→ **Stored records**
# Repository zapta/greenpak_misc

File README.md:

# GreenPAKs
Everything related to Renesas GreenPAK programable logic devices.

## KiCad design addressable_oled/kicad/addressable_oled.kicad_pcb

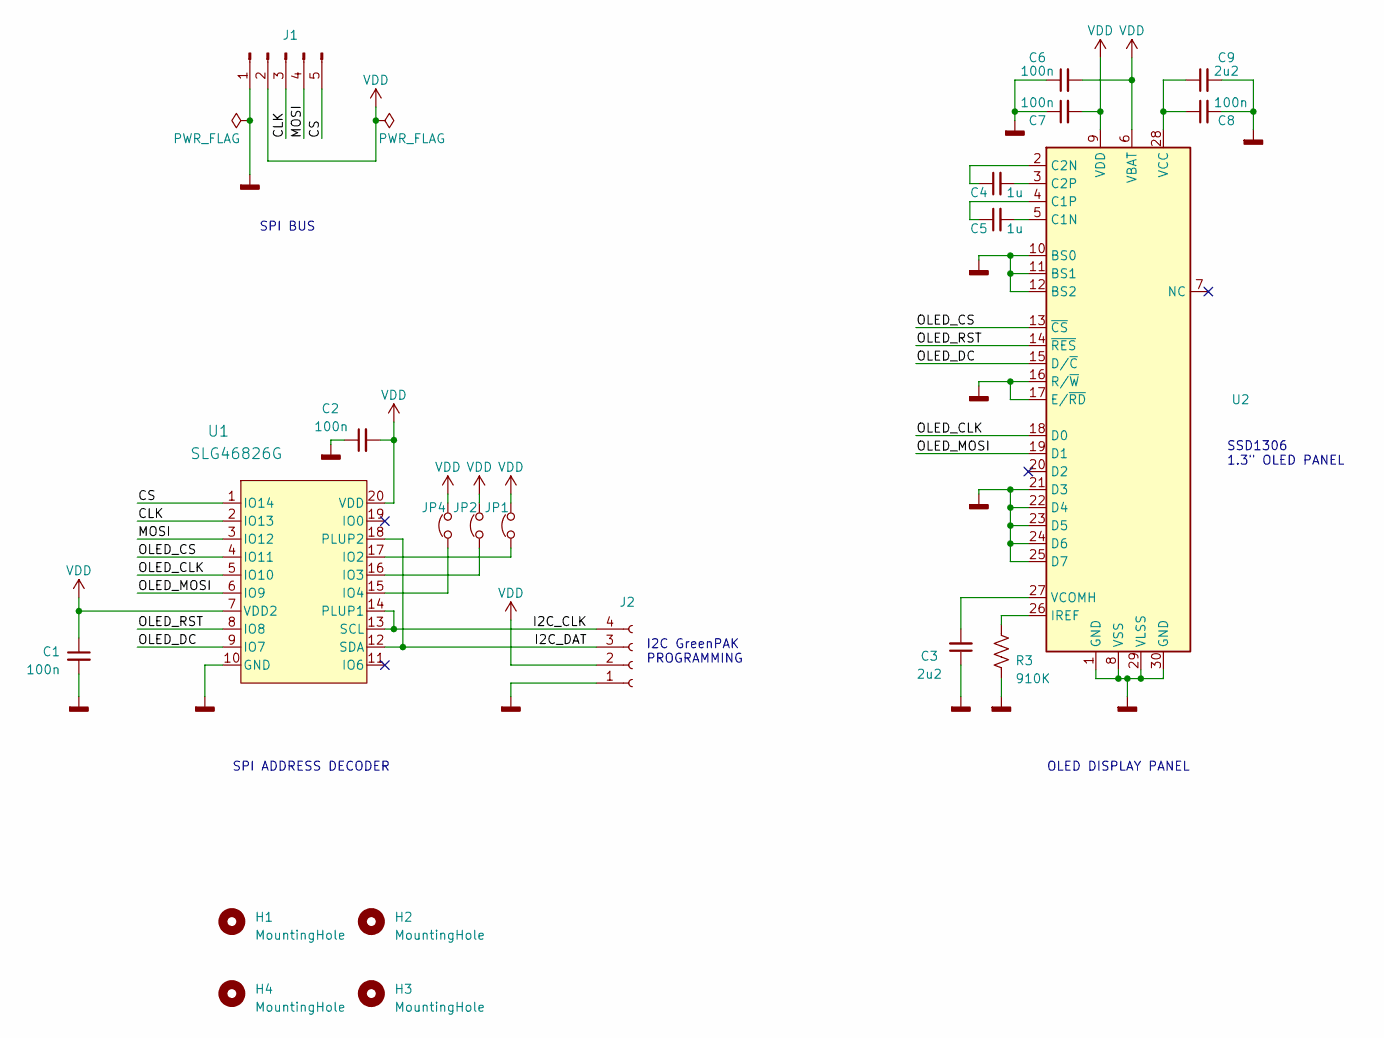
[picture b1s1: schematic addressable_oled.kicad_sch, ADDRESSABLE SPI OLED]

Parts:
C1, C2, C6, C7, C8: 100n; C_0603_1608Metric
C3, C9: 2u2; C_0603_1608Metric
C4, C5: 1u; C_0603_1608Metric
H1, H2, H3, H4: MountingHole
J1: Conn_01x05_Pin; PinHeader_1x05_P2.54mm_Vertical
J2: Conn_01x03_Socket; PinHeader_1x04_P2.54mm_Vertical
JP1, JP2, JP4: Jumper_2_Open; SolderJumper-2_P1.3mm_Open_Pad1.0x1.5mm
R3: 910K; R_0603_1608Metric
U1: SLG46826G; TSSOP20_MO-220_WECE_REN
U2: OLED-128O064D

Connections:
/CLK: J1.3, U1.2 (IO13)
/CS: J1.5, U1.1 (IO14)
/I2C_CLK: J2.4, U1.13 (SCL), U1.14 (PLUP1)
/I2C_DAT: J2.3, U1.12 (SDA), U1.18 (PLUP2)
/MOSI: J1.4, U1.3 (IO12)
/OLED_CLK: U1.5 (IO10), U2.18 (D0)
/OLED_CS: U1.4 (IO11), U2.13 (~CS)
/OLED_DC: U1.9 (IO7), U2.15 (D/~C)
/OLED_MOSI: U1.6 (IO9), U2.19 (D1)
/OLED_RST: U1.8 (IO8), U2.14 (~RES)
GND: C1.2, C2.1, C3.1, C6.1, C7.1, C8.2, C9.2, J1.1, J2.1, R3.2, U1.10 (GND), U2.1 (GND), U2.8 (VSS), U2.10 (BS0), U2.11 (BS1), U2.12 (BS2), U2.16 (R/~W), U2.17 (E/~RD), U2.21 (D3), U2.22 (D4), U2.23 (D5), U2.24 (D6), U2.25 (D7), U2.29 (VLSS), U2.30 (GND)
unnamed: JP1.1, U1.17 (IO2)
unnamed: JP2.1, U1.16 (IO3)
unnamed: JP4.1, U1.15 (IO4)
unnamed: C5.2, U2.5 (C1N)
unnamed: C5.1, U2.4 (C1P)
unnamed: C4.1, U2.2 (C2N)
unnamed: C4.2, U2.3 (C2P)
unnamed: R3.1, U2.26 (IREF)
unnamed: C8.1, C9.1, U2.28 (VCC)
unnamed: C3.2, U2.27 (VCOMH)
VDD: C1.1, C2.2, C6.2, C7.2, J1.2, J2.2, JP1.2, JP2.2, JP4.2, U1.7 (VDD2), U1.20 (VDD), U2.6 (VBAT), U2.9 (VDD)

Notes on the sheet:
SSD1306 1.3" OLED PANEL
I2C GreenPAK PROGRAMMING
SPI BUS
OLED DISPLAY PANEL
SPI ADDRESS DECODER

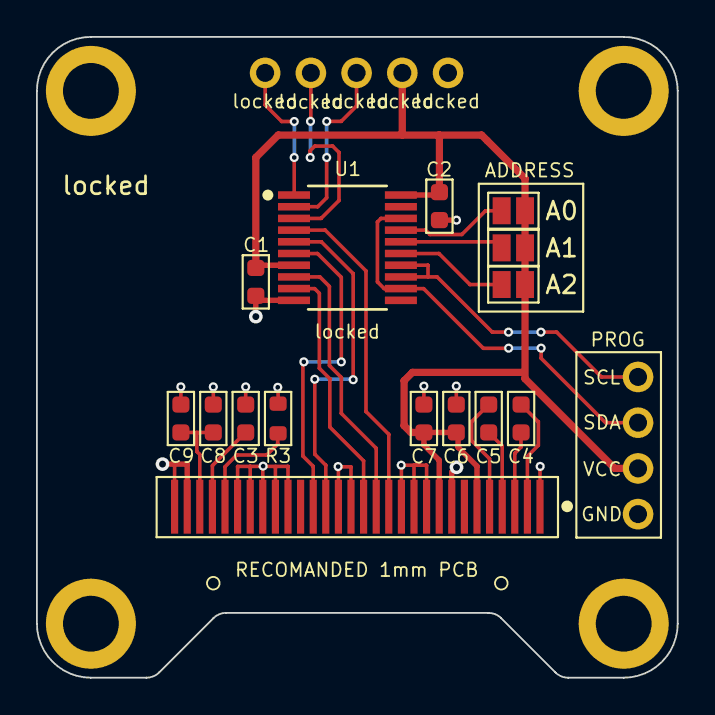
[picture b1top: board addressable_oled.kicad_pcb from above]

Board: 2 copper layers, 35.6 x 35.6 mm, 21 parts (0 on the bottom side), 22 nets.

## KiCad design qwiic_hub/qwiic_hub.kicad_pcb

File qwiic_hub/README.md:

# QWIIC I2C Hub

This little board provides a 1 to 4 fanout of QWIIC (I2C) connectors and allow to connect together multiple QWIIC boards such as the GreenPAK SMD adapters.

Item | Value | Comments
---|---|---
J1  |JST SH 1.0mm 4 Pos horizontal SMD | QWIIC input, from master.
J2- J5 |JST SH 1.0mm 4 Pos vertical SMD | QWIIC outputs, to slaves.
LED | Green LED  0603| Power indicator.
R | 3K - 7K 0603 resistor | LED current limiter.

<br>

<br>

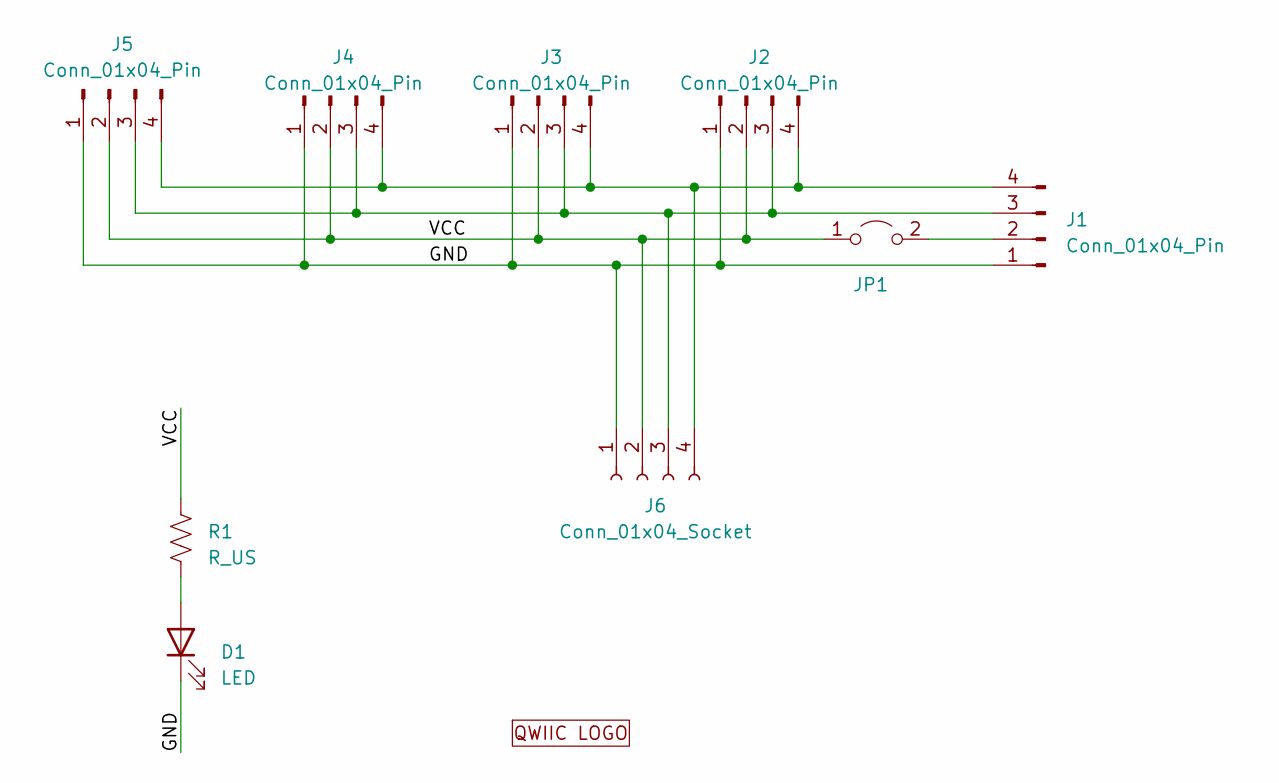
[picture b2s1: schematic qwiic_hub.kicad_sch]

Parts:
D1: LED; LED_0603_1608Metric
J1: Conn_01x04_Pin; JST_SH_SM04B-SRSS-TB_1x04-1MP_P1.00mm_Horizontal
J2, J3, J4, J5: Conn_01x04_Pin; JST_SH_BM04B-SRSS-TB_1x04-1MP_P1.00mm_Vertical
J6: Conn_01x04_Socket; PinHeader_1x04_P2.54mm_Vertical
JP1: Jumper_2_Open; SolderJumper-2_P1.3mm_Open_Pad1.0x1.5mm
R1: R_US; R_0402_1005Metric_Pad0.72x0.64mm_HandSolder
X1: QWIIC Logo; QWIIC_logo_10mm

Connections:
/GND: D1.1 (K), J1.1, J2.1, J3.1, J4.1, J5.1, J6.1
/VCC: J2.2, J3.2, J4.2, J5.2, J6.2, JP1.1 (A), R1.1
unnamed: D1.2 (A), R1.2
unnamed: J1.2, JP1.2 (B)
unnamed: J1.3, J2.3, J3.3, J4.3, J5.3, J6.3
unnamed: J1.4, J2.4, J3.4, J4.4, J5.4, J6.4

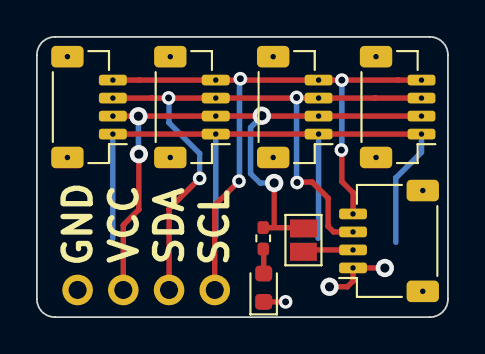
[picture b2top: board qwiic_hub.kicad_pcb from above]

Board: 2 copper layers, 22.8 x 15.6 mm, 10 parts (1 on the bottom side), 6 nets.

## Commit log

2023-12-01 Initial kicad version of smd_adapters. Needs cleanup.
2023-12-01 Cleaned up the GreenPAK TSSOP-20 smd adapter
2023-12-01 Added a sample design of an SPI address decoder.
2023-12-01 Renamed the smd adapters project.
2023-12-01 Cleaned up smd adapters directories.
2023-12-01 Fixed footprint library alias name.
2023-12-02 Completed the STQFN-24 greenpak smd adapter.
2023-12-02 Added pinout work in progress.
2023-12-02 Tweaked internal pullup/down resistors. Changed part number in pinout diagram to have the G extension.
2023-12-02 More progress on the TSQFN-20 smd adapter.
2023-12-03 More progress on the QFN-20 smd adapter.
2023-12-03 Completed the greenpak stqfn20 smd adapter.
2023-12-04 Adjusted the greenpak smd adaptres. Generated gerbers.
2023-12-04 Cleaned up greenpak smd adapters
2023-12-04 Updated greenpak smd adapter .png.
2023-12-04 Added gating of SCLK and MOSI
2023-12-05 Added a simple circuit for the glitch discussion.
2023-12-05 Added WaveDrop timing diagrams.
2023-12-06 Added pinout in png format.
2023-12-06 Renamed wavedrom files to .json.
2023-12-06 Tweaked timing diagrams.
2023-12-06 Added a readme file for the addressable SPI example.
2023-12-06 Tweaked readme.md.
2023-12-06 Fixed image reference in readme.md.
2023-12-06 Minor teadme.md fix.
2023-12-06 Minor readme.md tweak.
2023-12-06 MOved the addressable SPI directory.
2023-12-06 Tweaked readme.md
2023-12-06 Deleted unused images.
2023-12-06 Added a block diagram.
2023-12-06 MOSI out is not Z when CS_OUT is not active.
2023-12-06 Unify the timing diagrams.
2023-12-06 Changed the schematic from PNG to SVG.
2023-12-06 Flushing greenpak design changes.
2023-12-09 Added a blinky example
2023-12-09 Flushing blinky
2023-12-09 Renamed old blinky
2023-12-09 Added a blinky for the proper IC.
2023-12-10 Updated blinky files.
2023-12-10 Added docs directory
2023-12-10 Added pullup resistors to I2C signals.
2023-12-10 Changed i2C pullup resistors to 100k.
2023-12-10 Added a i2cdriver python skeleton
2023-12-10 Added user manual doc of the i2cmini
2023-12-10 Had progress on the i2C tool.
2023-12-11 Added a memory write method.
2023-12-11 Basic programming functionality is working.
2023-12-11 Cleaned up comments.
2023-12-11 Added two datasheets.
2023-12-11 Added test data file.
2023-12-11 Added functions to read/write config files.
2023-12-11 Updated programming capture file
2023-12-11 Added a workaround for reserved NVM bits and a method to reset the device.
2023-12-11 Renamed a directory
2023-12-11 Added better handling of non writeable NVM page.
2023-12-11 Cleaned up the operation waiting logic.
2023-12-11 Added method to scan the bus for devices.
2023-12-13 Skeleton for i2c pico.
2023-12-17 Added files for testing.
2023-12-17 Added code to dump generated bits.
2023-12-17 Added gitignore
2023-12-17 Consolidate doc directories
2023-12-19 Work in progress.
2023-12-20 Arduino serial bootloader works.
2023-12-20 Set up a skeleton with basic serial i/o.
2023-12-20 More progress with the pico i2c.
2023-12-20 More tweaks
2023-12-20 Deleted unused hidden arduino files.
2023-12-20 Dummy change for testing.
2023-12-21 Switched to the standard Arduino core.
2023-12-21 Cleaned up and added INFO command.
2023-12-21 Fixed a device address handling.
2023-12-22 Updated gitattributes.
2023-12-22 Added lib dependency on tinyusb
2023-12-22 Cleaned up old configuration.
2023-12-22 Added RPI Pico resources.
2023-12-22 Updated the Arduino driver installation instructions.
2023-12-22 Updated the installation notes.
2023-12-22 Updated the arduino driver notes
2023-12-22 Switched to standard Arduino USB/Serial
2023-12-22 Updated platformio.ini.
2023-12-22 Updated driver doc.
2023-12-22 Cleaned up platformio.ini
2023-12-22 Added a zadig screenshot
2023-12-22 Updated comment in platformio.ini, and deleted tools directory.
2023-12-22 Renamed i2c driver directory.
2023-12-22 Initial code of the i2c pico python driver.
2023-12-22 I2c pico read/write is working.
2023-12-22 Read/write to the device works.
2023-12-23 Cleaned up the pico driver protocol.
2023-12-23 i2c driver work in progress.
2023-12-23 Added errata file.
2023-12-23 Added a small test for page erasure
2023-12-23 Programming now works reliably.
2023-12-23 Added a TODO.
2023-12-23 Renamed 'tool' to 'driver'
2023-12-23 Cleaned up the directory structure.
2023-12-24 Flushing changes.
2023-12-25 Working in progress on the QWIIC greenpack adapter.
2023-12-25 Finalized the QWIIC adapter layout.
2023-12-25 Generated gerber files.
2023-12-25 Updated pcb images.
2023-12-26 Added experimental smd_adapters with tabs.
2023-12-29 Flushing pending changes.
2023-12-29 Added SMD adapter schematic. Cleaned up layout and panel.
2023-12-29 Cleaned up the schematic and layout.
2023-12-29 Tweaked the mouse bites.
2023-12-29 Generated gerbers
2023-12-30 Tweaked the layout.
2023-12-30 Generated gerbers.
2023-12-30 Updated gerber.
2023-12-30 Updated gerbers.
2023-12-30 Added an indication for JLCPCB that the connector is SMD. This should avoid the question about the pads which has holes for mechanical support and solder mask at the bottom.
2024-01-02 Added QWIIC logo.
2024-01-02 Refresh board renderings.
2024-01-03 Work in progress, 24 pin QWIIC adapter.
2024-01-03 More progress on the QFN footprint.
2024-01-03 Added the 24 pin footprints to the panel.
2024-01-03 Tweaked the SMD adapters
2024-01-03 Deleted old greenak footprints
2024-01-03 Updated smd_adapters directory to the design with tabs.
2024-01-03 Tweaked the VDD2 jumper
2024-01-03 Deleted old directories.
2024-01-04 Completed the qwiic hub layout
2024-01-04 Cleaned up the layout.
2024-01-05 Simplified the paneling: removed the horizontal tabs.
2024-01-05 Final verification and gerber generation.
2024-01-05 Tweaked the qwiic hub layout.
2024-01-10 First draft of i2c extender.
2024-01-11 More progress with the i2c extender.
2024-01-11 Tweaked the i2c_extender.
2024-01-11 I2C extender input pins tested successfuly.
2024-01-12 Renamed i2c_extener to io_extender. Minor cleanup.
2024-01-12 Added documentation
2024-01-12 Added python shell command to scripts.
2024-01-16 Added a readme file for the smd adapters
2024-01-16 Updatied PCB views.
2024-01-16 Updated the qwiic_hub image.
2024-01-16 Added QWIIC hub documentation.
2024-01-16 Updated doc.
2024-01-16 Fixed doc.
2024-01-19 Fixed MOSI out. Was tristate, now it's a regular output.
2024-01-19 Added a flasher script for the addresseable spi example.
2024-01-19 Changed address inputs to be all pullup.
2024-01-19 Added git attributes for crlf control.
2024-01-19 Added skeleton of addressable OLED example.
2024-01-20 Addressable OLED passes simulation.
2024-01-20 Minor tweak of labels.
2024-01-20 Updated flashers.
2024-01-20 Cleaned up addressable oled schematic.
2024-01-20 Addresable OLED passes a test with a logic analyzer.
2024-01-21 Fixed address matcher. Added CLK and MISO outputs.
2024-01-21 Addressable OLED demo works with a single screen.
2024-01-21 Initial version of Kicad project.
2024-01-21 Added docs.
2024-01-21 Work in progress. Added symbols and footprints.
2024-01-21 Work in progress. First pass of the schematic.
2024-01-21 More progress with the schematic and layout.
2024-01-21 Changed pin names.
2024-01-21 Schematic and layout in progress. Added GreenPAK pullup pins.
2024-01-22 More progress with the layout.
2024-01-22 Switched from kicad 7.0.1-0 to 7.0.10.
2024-01-22 Extended display pad from 2mm to 3mm.
2024-01-22 Final cleanup.
2024-01-22 Renamed addressable_oled to indicates it's obsolete. Project moved to greenpak_oled repository.
2024-01-23 First installment of the jig.
2024-01-23 More tweakes to the POGO design. Also, added a socket footprint.
2024-01-23 Added pogo socket symbol
2024-01-24 More progress with the Pogo layout.
2024-01-24 Removed old files that moved to a repository of their own.
2024-01-27 Fixed symbol pin name (SCL -> SDA)
2024-01-27 Removed projects that were moved to their own repository.
2024-01-30 Removed an obsolete file.

→ **Work request**
Return the span of lines in the data above that opens at the line with "2023-12-11 Updated programming capture file" and closes at the line with "2023-12-11 Cleaned up the", exactly, ends included, nothing else.

→ **Output of the exercise**
2023-12-11 Updated programming capture file
2023-12-11 Added a workaround for reserved NVM bits and a method to reset the device.
2023-12-11 Renamed a directory
2023-12-11 Added better handling of non writeable NVM page.
2023-12-11 Cleaned up the operation waiting logic.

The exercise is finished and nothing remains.